_REQUIRED ACTION_
Extract, exactly as written, each line from the start of the records below to the line containing "-200, 0, -200])", both ends included; drop the pictures.

_EXTRACTED RECORDS_

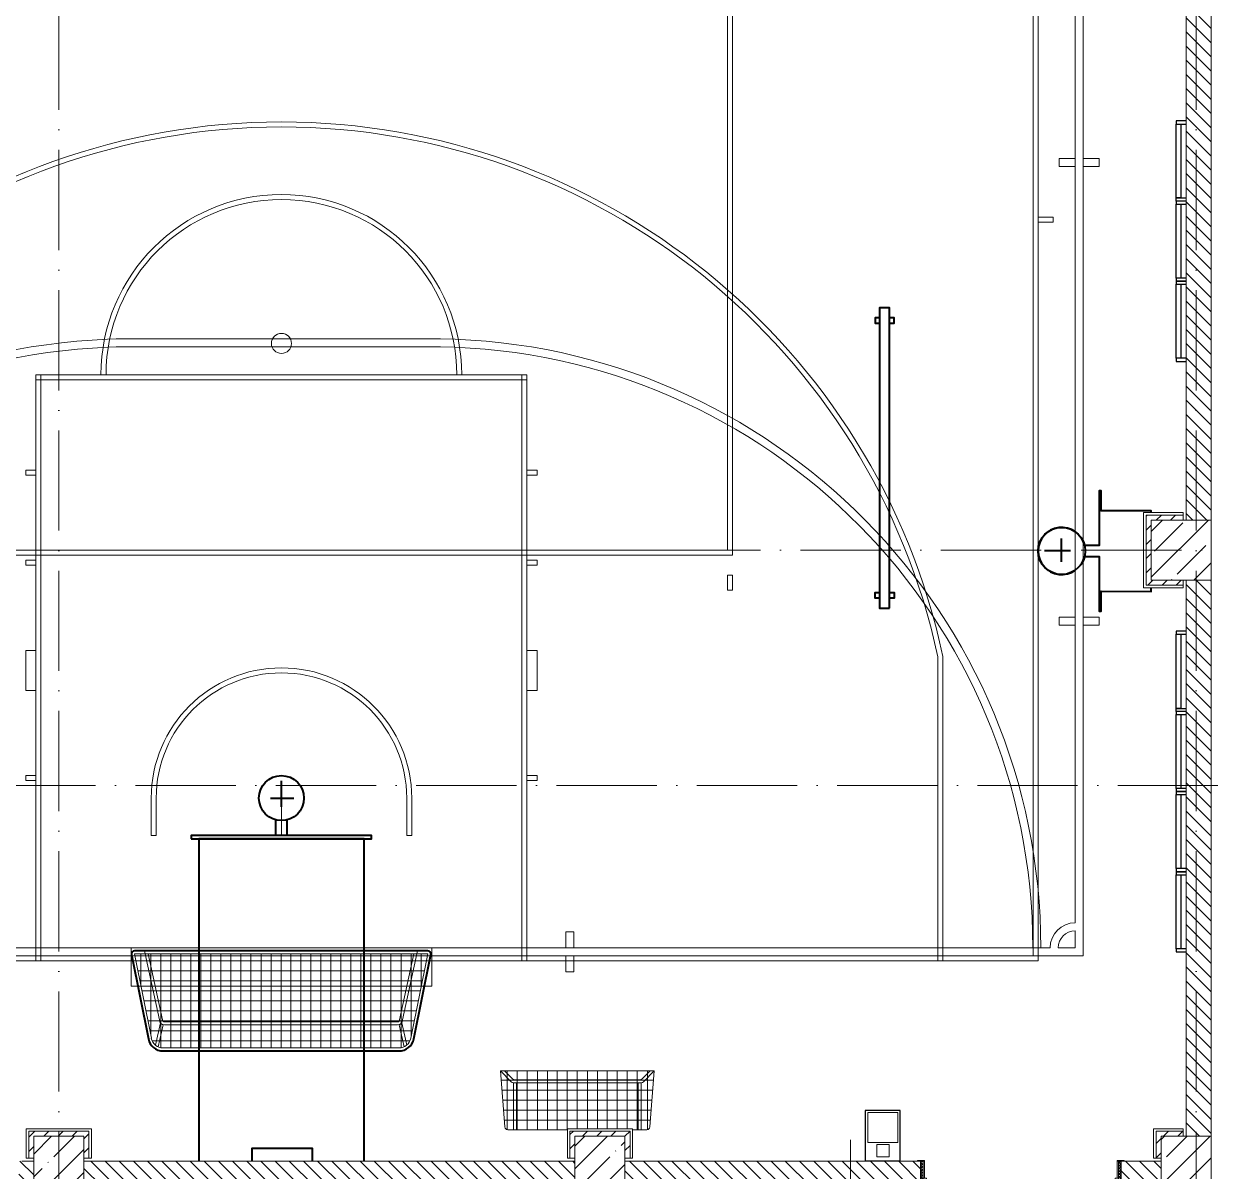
# Model space of a CAD drawing. Header units: millimetres. Extents: x -6467 to 105918, y -7090 to 92481.
# Drawn here: x 77401 to 89260, y 12481 to 23936 of the extents above; entities that cross this region are included whole.
import ezdxf

# ---------------------------------------------------------------- set-up
doc = ezdxf.new("R2010")
doc.units = ezdxf.units.MM
doc.linetypes.add('50_200_ШТРИХ_1Т_ш5_п1_п1_', pattern=[1400, 1000, -200, 0, -200])
for name, color, linetype, lineweight in [('A-DOOR', 7, 'Continuous', 9), ('A-DOOR-2', 7, 'Continuous', 5), ('A-DOOR-FRAM', 7, 'Continuous', 9), ('A-DOOR-FRAM-2', 7, 'Continuous', 5), ('A-WALL', 7, 'Continuous', 5), ('A-WALL-FNSH-1', 7, 'Continuous', 5), ('I-WALL', 7, 'Continuous', 5), ('S-COLS', 7, 'Continuous', 9), ('S-COLS-1', 7, 'Continuous', 5)]:
    doc.layers.add(name, color=color, linetype=linetype, lineweight=lineweight)
for name, color, linetype, lineweight, true_color in [('A-GENM-1', 7, 'Continuous', 9, 0xaaaaaa), ('мебель 2 этаж-1', 7, 'Continuous', 40, 0xaaaaaa), ('Оси-3', 7, '50_200_ШТРИХ_1Т_ш5_п1_п1_', 9, 0xaaaaaa), ('ТХ_разметка баскетбол-1', 7, 'Continuous', 5, 0xaaaaaa), ('ТХ_разметка волейбол-1', 7, 'Continuous', 20, 0xaaaaaa), ('ТХ_разметка волейбол-2', 7, 'Continuous', 9, 0xaaaaaa), ('ТХ_разметка минифутбол-1', 7, 'Continuous', 9, 0xaaaaaa), ('ТХ_функционал-2', 7, 'Continuous', 40, 0xaaaaaa), ('ТХ_функционал-4', 7, 'Continuous', 20, 0xaaaaaa), ('ТХ_функционал-9', 7, 'Continuous', 30, 0xaaaaaa)]:
    doc.layers.add(name, color=color, linetype=linetype, lineweight=lineweight, true_color=true_color)
pattern_1 = [(135, (0, 0), (-70.71068, -70.71068), [])]
pattern_2 = [(45, (0, 0), (-70.71068, 70.71068), [])]

# ---------------------------------------------------------------- blocks, each defined once
blk = doc.blocks.new('BSC_Колонна _Прямоугольная - 500х500-V27-АИ_План этажа Радиаторы_2')
at = {"layer": 'S-COLS-1'}
h = blk.add_hatch(dxfattribs=at)
h.set_pattern_fill('FP_55', color=256, style=0, pattern_type=2)
h.set_pattern_definition([(45, (-89000, -12581.04), (-228.0985, 228.0985), []), (45, (-88771.9, -12581.04), (-228.0985, 228.0985), [403.225, -80.645, 6.706, -73.939])])
h.paths.add_polyline_path([(-250, -250), (250, -250), (250, 250), (-250, 250), (-250, -222)])
for p, q in [((250, 250), (-250, 250)), ((-250, 250), (-250, -250)), ((250, -250), (250, 250)), ((-250, -250), (250, -250))]:
    blk.add_line(p, q, dxfattribs=at)
blk = doc.blocks.new('BSC_Колонна _Прямоугольная - 600х600-V35-АИ_План этажа Радиаторы_2')
at = {"layer": 'S-COLS-1'}
h = blk.add_hatch(dxfattribs=at)
h.set_pattern_fill('FP_63', color=256, style=0, pattern_type=2)
h.set_pattern_definition([(45, (-88950, -18681.04), (-228.0985, 228.0985), []), (45, (-88721.9, -18681.04), (-228.0985, 228.0985), [403.225, -80.645, 6.706, -73.939])])
h.paths.add_polyline_path([(-300, -300), (300, -300), (300, 300), (-300, 300)])
for p, q in [((300, 300), (-300, 300)), ((-300, 300), (-300, -300)), ((300, -300), (300, 300)), ((-300, -300), (300, -300))]:
    blk.add_line(p, q, dxfattribs=at)
blk = doc.blocks.new('BSC_Колонна _Прямоугольная - 500х500-V38-АИ_План этажа Радиаторы_2')
at = {"layer": 'S-COLS-1'}
h = blk.add_hatch(dxfattribs=at)
h.set_pattern_fill('FP_66', color=256, style=0, pattern_type=2)
h.set_pattern_definition([(45, (-77750, -12581.04), (-228.0985, 228.0985), []), (45, (-77521.9, -12581.04), (-228.0985, 228.0985), [403.225, -80.645, 6.706, -73.939])])
h.paths.add_polyline_path([(-250, -250), (250, -250), (250, 250), (-250, 250)])
for p, q in [((250, 250), (-250, 250)), ((-250, 250), (-250, -250)), ((250, -250), (250, 250)), ((-250, -250), (250, -250))]:
    blk.add_line(p, q, dxfattribs=at)
blk = doc.blocks.new('BSC_Колонна _Прямоугольная - 500х500-V39-АИ_План этажа Радиаторы_2')
at = {"layer": 'S-COLS-1'}
h = blk.add_hatch(dxfattribs=at)
h.set_pattern_fill('FP_67', color=256, style=0, pattern_type=2)
h.set_pattern_definition([(45, (-83150, -12581.04), (-228.0985, 228.0985), []), (45, (-82921.9, -12581.04), (-228.0985, 228.0985), [403.225, -80.645, 6.706, -73.939])])
h.paths.add_polyline_path([(-250, -250), (250, -250), (250, 250), (-250, 250)])
for p, q in [((250, 250), (-250, 250)), ((-250, 250), (-250, -250)), ((250, -250), (250, 250)), ((-250, -250), (250, -250))]:
    blk.add_line(p, q, dxfattribs=at)
blk = doc.blocks.new('110_Дверь_СКБ_2Ст - СОШ_Д-22_1_Дв_2000x2100h_Физкультурный зал_ Зал для хореографии_ Снарядная_ Инвентарная_EI30-25548659-АИ_План этажа Радиаторы_2')
at = {"layer": 'A-DOOR-2'}
h = blk.add_hatch(dxfattribs=at)
h.set_pattern_fill('FP_135', color=256, style=0, pattern_type=2)
h.set_pattern_definition([(135, (1301.41, 189.685), (-14.1421, -14.1421), []), (225, (1301.41, 189.685), (14.1421, -14.1421), [])])
h.paths.add_polyline_path([(1012.5, 125), (987.5, 125), (987.5, -125), (1012.5, -125)])
at = {"layer": 'A-DOOR-FRAM-2'}
h = blk.add_hatch(dxfattribs=at)
h.set_pattern_fill('FP_136', color=256, style=0, pattern_type=2)
h.set_pattern_definition([(45, (-821.384, 189.685), (-14.1421, 14.1421), []), (135, (-821.384, 189.685), (-14.1421, -14.1421), [])])
h.paths.add_polyline_path([(-962.5, 125), (-987.5, 125), (-987.5, -125), (-962.5, -125), (-962.5, 97.3)])
at = {"layer": 'A-DOOR'}
for p, q in [((-937.5, 1075), (-937.5, 125)), ((-887.5, 1075), (-937.5, 1075)), ((-887.5, 125), (-887.5, 1075)), ((962.5, 1075), (912.5, 1075)), ((912.5, 1075), (912.5, 125)), ((962.5, 125), (962.5, 1075)), ((-937.5, 125), (-887.5, 125)), ((912.5, 125), (962.5, 125))]:
    blk.add_line(p, q, dxfattribs=at)
at = {"layer": 'A-DOOR-2'}
for centre, start, end in [((-937.5, 125), 360, 90), ((962.5, 125), 90, 180)]:
    blk.add_arc(centre, 950, start, end, dxfattribs=at)
at = {"layer": 'A-DOOR-FRAM'}
for p, q in [((-947.5, 133), (-1017.5, 133)), ((-1017.5, 133), (-1017.5, 125)), ((-1017.5, 125), (-947.5, 125)), ((-962.5, 125), (-987.5, 125)), ((-987.5, 125), (-987.5, -125)), ((-937.5, 125), (-962.5, 125)), ((-962.5, 125), (-962.5, 45)), ((-962.5, -125), (-962.5, 125)), ((-947.5, 125), (-947.5, 133)), ((-937.5, 75), (-937.5, 125)), ((962.5, 125), (962.5, 75)), ((987.5, 125), (962.5, 125)), ((1042.5, 133), (972.5, 133)), ((972.5, 133), (972.5, 125)), ((972.5, 125), (1042.5, 125)), ((987.5, 45), (987.5, 125)), ((1012.5, 125), (987.5, 125)), ((987.5, 125), (987.5, -125)), ((1012.5, -125), (1012.5, 125)), ((1042.5, 125), (1042.5, 133)), ((-962.5, 45), (-927.5, 45)), ((-947.5, 45), (-962.5, 45)), ((-962.5, 45), (-962.5, -125)), ((-947.5, -125), (-947.5, 45)), ((-927.5, 75), (-937.5, 75)), ((-927.5, 45), (-927.5, 75)), ((962.5, 75), (952.5, 75)), ((952.5, 75), (952.5, 45)), ((952.5, 45), (987.5, 45)), ((987.5, 45), (972.5, 45)), ((972.5, 45), (972.5, -125)), ((987.5, -125), (987.5, 45)), ((-947.5, -125), (-1017.5, -125)), ((-1017.5, -125), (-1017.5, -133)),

_EXERCISE ANSWER_
# Model space of a CAD drawing. Header units: millimetres. Extents: x -6467 to 105918, y -7090 to 92481.
# Drawn here: x 77401 to 89260, y 12481 to 23936 of the extents above; entities that cross this region are included whole.
import ezdxf

# ---------------------------------------------------------------- set-up
doc = ezdxf.new("R2010")
doc.units = ezdxf.units.MM
doc.linetypes.add('50_200_ШТРИХ_1Т_ш5_п1_п1_', pattern=[1400, 1000, -200, 0, -200])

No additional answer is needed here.